The default interval setting is Infinite, meaning that the XML data source isn't automatically refreshed.

The refresh interval setting determines the time interval after which the Oracle BI Server XML Gateway connection is refreshed, as follows:

  • For URLs that begin with http:// or https://, the gateway is refreshed when it detects that the interval has expired.

  • For URLs that reside on a local or network drive, the gateway is refreshed when the interval has expired and the system detects that the URLs have been modified.

For more information about XML data sources, see Managing Metadata Repositories for Oracle Analytics Server.

About the Global Cache

In a clustered environment, Presentation Services can be configured to access a shared cache called the global cache.

This global cache resides on a shared file system storage device and stores purging events, seeding events (often generated by agents), and result sets that are associated with seeding events. The seeding and purging events are sorted by time and stored on the shared storage as a logical event queue. Individual Presentation Services nodes push to and pull from the logical event queue. Each Presentation Services still maintains its own local query cache for regular queries.

The figure below depicts global caching in a clustered environment. It shows three Presentation Services nodes sharing a global cache. The global cache stores seeding or purging events held in a logical event queue. The arrows from Node 2 and Node 3 to the shared cache show Presentation Services Node 2 pushing a seeding event to the queue and Presentation Services Node 3 pushing a purging event to the queue. The arrows from the shared storage to each Presentation Services node show each node pulling from the common location. This occurs on a periodic basis and enables participating Presentation Services nodes to obtain updates to the logical event queue made by other Presentation Services.

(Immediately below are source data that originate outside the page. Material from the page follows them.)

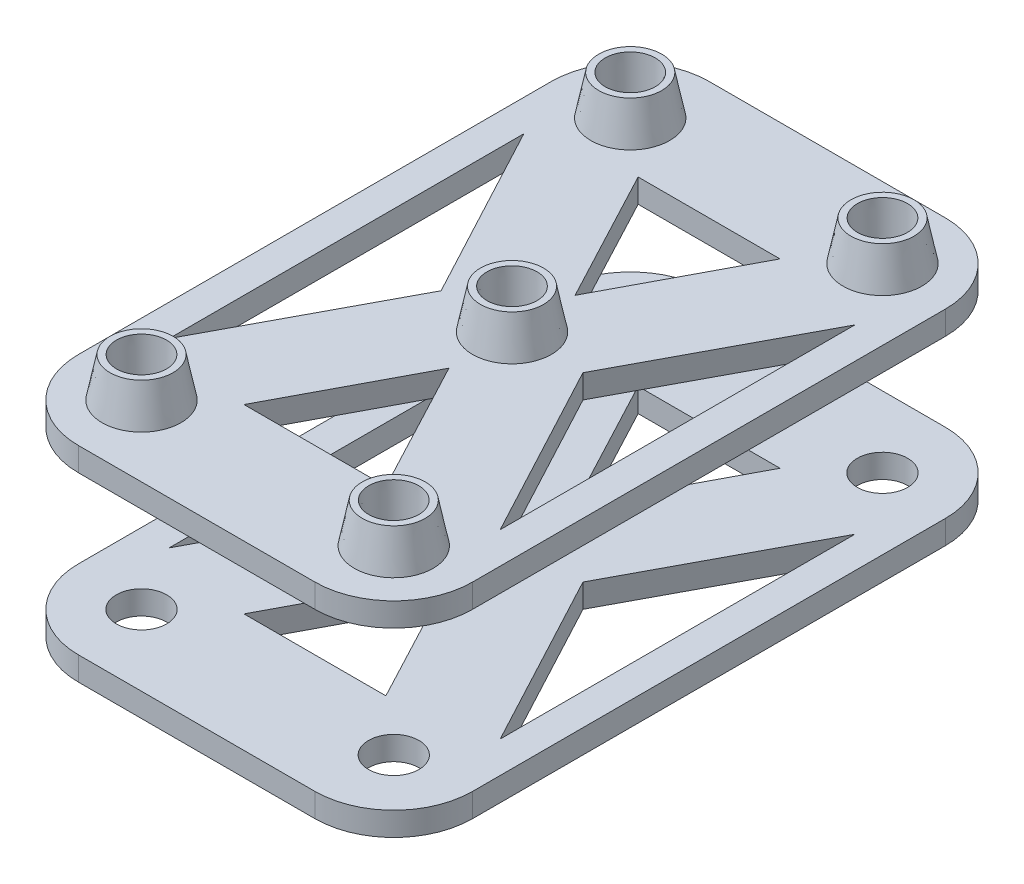
from build123d import *

# Parameters (mm, degrees)
SKETCH2_W           = 50
SKETCH2_H           = 80
BOSS_EXTRUDE1_DEPTH = 3
SKETCH3_R           = 5
SKETCH3_R_2         = 3
BOSS_EXTRUDE2_DEPTH = 5
CHAMFER1_SIZE       = 5
CHAMFER1_SIZE_2     = 1
CUT_EXTRUDE1_DEPTH  = 3
FILLET1_R           = 10
DRAFT3_ANGLE        = 2
SKETCH5_W           = 50
SKETCH5_H           = 80
CUT_EXTRUDE2_DEPTH  = 5
SKETCH6_R           = 3.2
CUT_EXTRUDE4_DEPTH  = 3


with BuildPart() as part:
    # Sketch2 → Boss-Extrude1 (new body)
    with BuildSketch(Plane(origin=(0, 0, 0), x_dir=(1, 0, 0), z_dir=(0, 1, 0))):
        Rectangle(SKETCH2_W, SKETCH2_H)
    extrude(amount=-BOSS_EXTRUDE1_DEPTH)

    # Sketch3 → Boss-Extrude2 (add)
    # profile 1 of 5: a face of its own
    with BuildSketch(Plane(origin=(0, 0, 0), x_dir=(1, 0, 0), z_dir=(0, 1, 0))):
        with Locations(Location((-16, 31, 0), (0, 0, 270))):
            Circle(SKETCH3_R)
        with Locations(Location((-16, 31, 0), (0, 0, 270))):
            Circle(SKETCH3_R_2, mode=Mode.SUBTRACT)
    # profile 2 of 5: a face of its own
    with BuildSketch(Plane(origin=(0, 0, 0), x_dir=(1, 0, 0), z_dir=(0, 1, 0))):
        with Locations(Location((16, 31, 0), (0, 0, 90))):
            Circle(SKETCH3_R)
        with Locations(Location((16, 31, 0), (0, 0, 90))):
            Circle(SKETCH3_R_2, mode=Mode.SUBTRACT)
    # profile 3 of 5: a face of its own
    with BuildSketch(Plane(origin=(0, 0, 0), x_dir=(1, 0, 0), z_dir=(0, 1, 0))):
        with Locations(Location((16, -31, 0), (0, 0, 270))):
            Circle(SKETCH3_R)
        with Locations(Location((16, -31, 0), (0, 0, 270))):
            Circle(SKETCH3_R_2, mode=Mode.SUBTRACT)
    # profile 4 of 5: a face of its own
    with BuildSketch(Plane(origin=(0, 0, 0), x_dir=(1, 0, 0), z_dir=(0, 1, 0))):
        with Locations(Location((-16, -31, 0), (0, 0, 90))):
            Circle(SKETCH3_R)
        with Locations(Location((-16, -31, 0), (0, 0, 90))):
            Circle(SKETCH3_R_2, mode=Mode.SUBTRACT)
    # profile 5 of 5: a face of its own
    with BuildSketch(Plane(origin=(0, 0, 0), x_dir=(1, 0, 0), z_dir=(0, 1, 0))):
        with Locations(Location((0, 0, 0), (0, 0, 270))):
            Circle(SKETCH3_R)
        with Locations(Location((0, 0, 0), (0, 0, 270))):
            Circle(SKETCH3_R_2, mode=Mode.SUBTRACT)
    extrude(amount=BOSS_EXTRUDE2_DEPTH)

    # Chamfer1
    # the kernel refuses this chamfer: 5, 1 mm, written as the material it takes off along each edge
    with BuildSketch(Plane(origin=(-16, 5, -31), x_dir=(0, 0, 1), z_dir=(-1, 0, 0))) as chamfer1_piece_1_section:
        Polygon((5, -CHAMFER1_SIZE), (5 - CHAMFER1_SIZE_2, 0), (5, 0), align=None)
    chamfer1_piece_1 = revolve(axis=Axis((-16, 5, -31), (0, 1, 0)), mode=Mode.PRIVATE)
    chamfer1_piece_1 = split(chamfer1_piece_1, bisect_by=Plane(origin=(-16, 0, -35.524949773), z_dir=(0, 1, 0)), keep=Keep.TOP, mode=Mode.PRIVATE)
    add(chamfer1_piece_1, mode=Mode.SUBTRACT)
    with BuildSketch(Plane(origin=(16, 5, -31), x_dir=(0, 0, -1), z_dir=(1, 0, 0))) as chamfer1_piece_2_section:
        Polygon((5, -CHAMFER1_SIZE), (5 - CHAMFER1_SIZE_2, 0), (5, 0), align=None)
    chamfer1_piece_2 = revolve(axis=Axis((16, 5, -31), (0, 1, 0)), mode=Mode.PRIVATE)
    chamfer1_piece_2 = split(chamfer1_piece_2, bisect_by=Plane(origin=(16, 0, -26.475050227), z_dir=(0, 1, 0)), keep=Keep.TOP, mode=Mode.PRIVATE)
    add(chamfer1_piece_2, mode=Mode.SUBTRACT)
    with BuildSketch(Plane(origin=(16, 5, 31), x_dir=(0, 0, 1), z_dir=(-1, 0, 0))) as chamfer1_piece_3_section:
        Polygon((5, -CHAMFER1_SIZE), (5 - CHAMFER1_SIZE_2, 0), (5, 0), align=None)
    chamfer1_piece_3 = revolve(axis=Axis((16, 5, 31), (0, 1, 0)), mode=Mode.PRIVATE)
    chamfer1_piece_3 = split(chamfer1_piece_3, bisect_by=Plane(origin=(16, 0, 26.475050227), z_dir=(0, 1, 0)), keep=Keep.TOP, mode=Mode.PRIVATE)
    add(chamfer1_piece_3, mode=Mode.SUBTRACT)
    with BuildSketch(Plane(origin=(-16, 5, 31), x_dir=(0, 0, -1), z_dir=(1, 0, 0))) as chamfer1_piece_4_section:
        Polygon((5, -CHAMFER1_SIZE), (5 - CHAMFER1_SIZE_2, 0), (5, 0), align=None)
    chamfer1_piece_4 = revolve(axis=Axis((-16, 5, 31), (0, 1, 0)), mode=Mode.PRIVATE)
    chamfer1_piece_4 = split(chamfer1_piece_4, bisect_by=Plane(origin=(-16, 0, 35.524949773), z_dir=(0, 1, 0)), keep=Keep.TOP, mode=Mode.PRIVATE)
    add(chamfer1_piece_4, mode=Mode.SUBTRACT)
    with BuildSketch(Plane(origin=(0, 5, 0), x_dir=(0, 0, 1), z_dir=(-1, 0, 0))) as chamfer1_piece_5_section:
        Polygon((5, -CHAMFER1_SIZE), (5 - CHAMFER1_SIZE_2, 0), (5, 0), align=None)
    chamfer1_piece_5 = revolve(axis=Axis((0, 5, 0), (0, 1, 0)), mode=Mode.PRIVATE)
    chamfer1_piece_5 = split(chamfer1_piece_5, bisect_by=Plane(origin=(0, 0, -4.524949773), z_dir=(0, 1, 0)), keep=Keep.TOP, mode=Mode.PRIVATE)
    add(chamfer1_piece_5, mode=Mode.SUBTRACT)

    # Sketch4 → Cut-Extrude1 (cut)
    with BuildSketch(Plane(origin=(0, 0, 0), x_dir=(1, 0, 0), z_dir=(0, 1, 0))):
        Polygon((-21, 22.5), (-21, -22.5), (-9, 0), align=None)
        Polygon((9, 0), (21, 22.5), (21, -22.5), align=None)
        Polygon((0, 8), (9, 25), (-9, 25), align=None)
        Polygon((0, -8), (9, -25), (-9, -25), align=None)
    extrude(amount=-CUT_EXTRUDE1_DEPTH, mode=Mode.SUBTRACT)

    # Fillet1
    fillet1_edges = [part.edges().sort_by_distance(p)[0] for p in [
        (-25, -1.5, -40),
        (25, -1.5, -40),
        (25, -1.5, 40),
        (-25, -1.5, 40),
    ]]
    fillet(fillet1_edges, radius=FILLET1_R)

    # Draft3
    draft3_faces = [part.faces().sort_by_distance(p)[0] for p in [
        (16, 2.5, -28),
        (-16, 2.5, -34),
        (-16, 2.5, 34),
        (0, 2.5, -3),
        (16, 2.5, 28),
    ]]
    draft(draft3_faces, Plane.ZX, DRAFT3_ANGLE)


with BuildPart() as body_2:
    # Mirror5: mirrored copy
    add(part.part.mirror(Plane(origin=(0, -13, 0), x_dir=(0, 0, 1), z_dir=(0, -1, 0))))

    # Sketch5 → Cut-Extrude2 (cut)
    with BuildSketch(Plane.XZ.offset(31)):
        Rectangle(SKETCH5_W, SKETCH5_H)
    extrude(amount=-CUT_EXTRUDE2_DEPTH, mode=Mode.SUBTRACT)

    # Sketch6 → Cut-Extrude4 (cut)
    with BuildSketch(Plane.XZ.offset(26)):
        with Locations(Location((-16, 31, 0), (0, 0, 270))):
            Circle(SKETCH6_R)
        with Locations(Location((0, 0, 0), (0, 0, 270))):
            Circle(SKETCH6_R)
        with Locations(Location((-16, -31, 0), (0, 0, 270))):
            Circle(SKETCH6_R)
        with Locations(Location((16, 31, 0), (0, 0, 270))):
            Circle(SKETCH6_R)
        with Locations(Location((16, -31, 0), (0, 0, 270))):
            Circle(SKETCH6_R)
    extrude(amount=-CUT_EXTRUDE4_DEPTH, mode=Mode.SUBTRACT)


solid = Compound([part.part, body_2.part])

The Presentation Services node processes a seeding or purging event locally first in its caching system. It then pushes the event to the global cache on the shared storage. During the push event, the active Presentation Services node locks the logical event queue on the shared storage and then pushes in the seeding or purging event. If there's a conflict between seeding and purging (for example, one node wants to seed a query and another node wants to purge the same query), then the event that comes in last wins.

The logical event queue in the global cache on the shared storage is composed of seeding and purging events from individual Presentation Services nodes. The queue is sorted according to the timestamp of the events. Hence, clocks on all Presentation Services nodes participating in cluster must be synchronized.

Each Presentation Services node polls the global cache on a periodic basis for new cache entries. This polling frequency is configurable. A snapshot of the queued logical events on the shared storage is pulled back to the node and a local logical event queue is constructed and then processed.

Note:

The process of populating or purging seeded caches across all Presentation Services nodes that participate in the cluster doesn't occur in real time, and the elapse of the process is affected by multiple factors, such as the predefined polling interval, network bandwidth, and CPU loads.

Because the query cache result set tends to get large, network bandwidth might pose a constraint. Therefore, the following must be chosen carefully:

  • The set of caches that qualify for seeded cache

  • The time interval for Oracle Analytics nodes to pick up seeded caches from shared storage (to avoid network congestion)

The primary global cache parameters are configured in Fusion Middleware Control. Additional, optional parameters are configured in the NQSConfig.INI file for each Presentation Services node that participates in the cluster. See Use Fusion Middleware Control to Set Global Cache Parameters and Manually Edit Additional Global Cache Parameters.

A seeding or purging procedure is submitted to a specific Presentation Services node. If that Presentation Services is a node in a BI cluster and the global cache parameters have been defined in Presentation Services configuration files, then the seeding or purging events are propagated across all Presentation Services nodes that participate in the same clustered environment.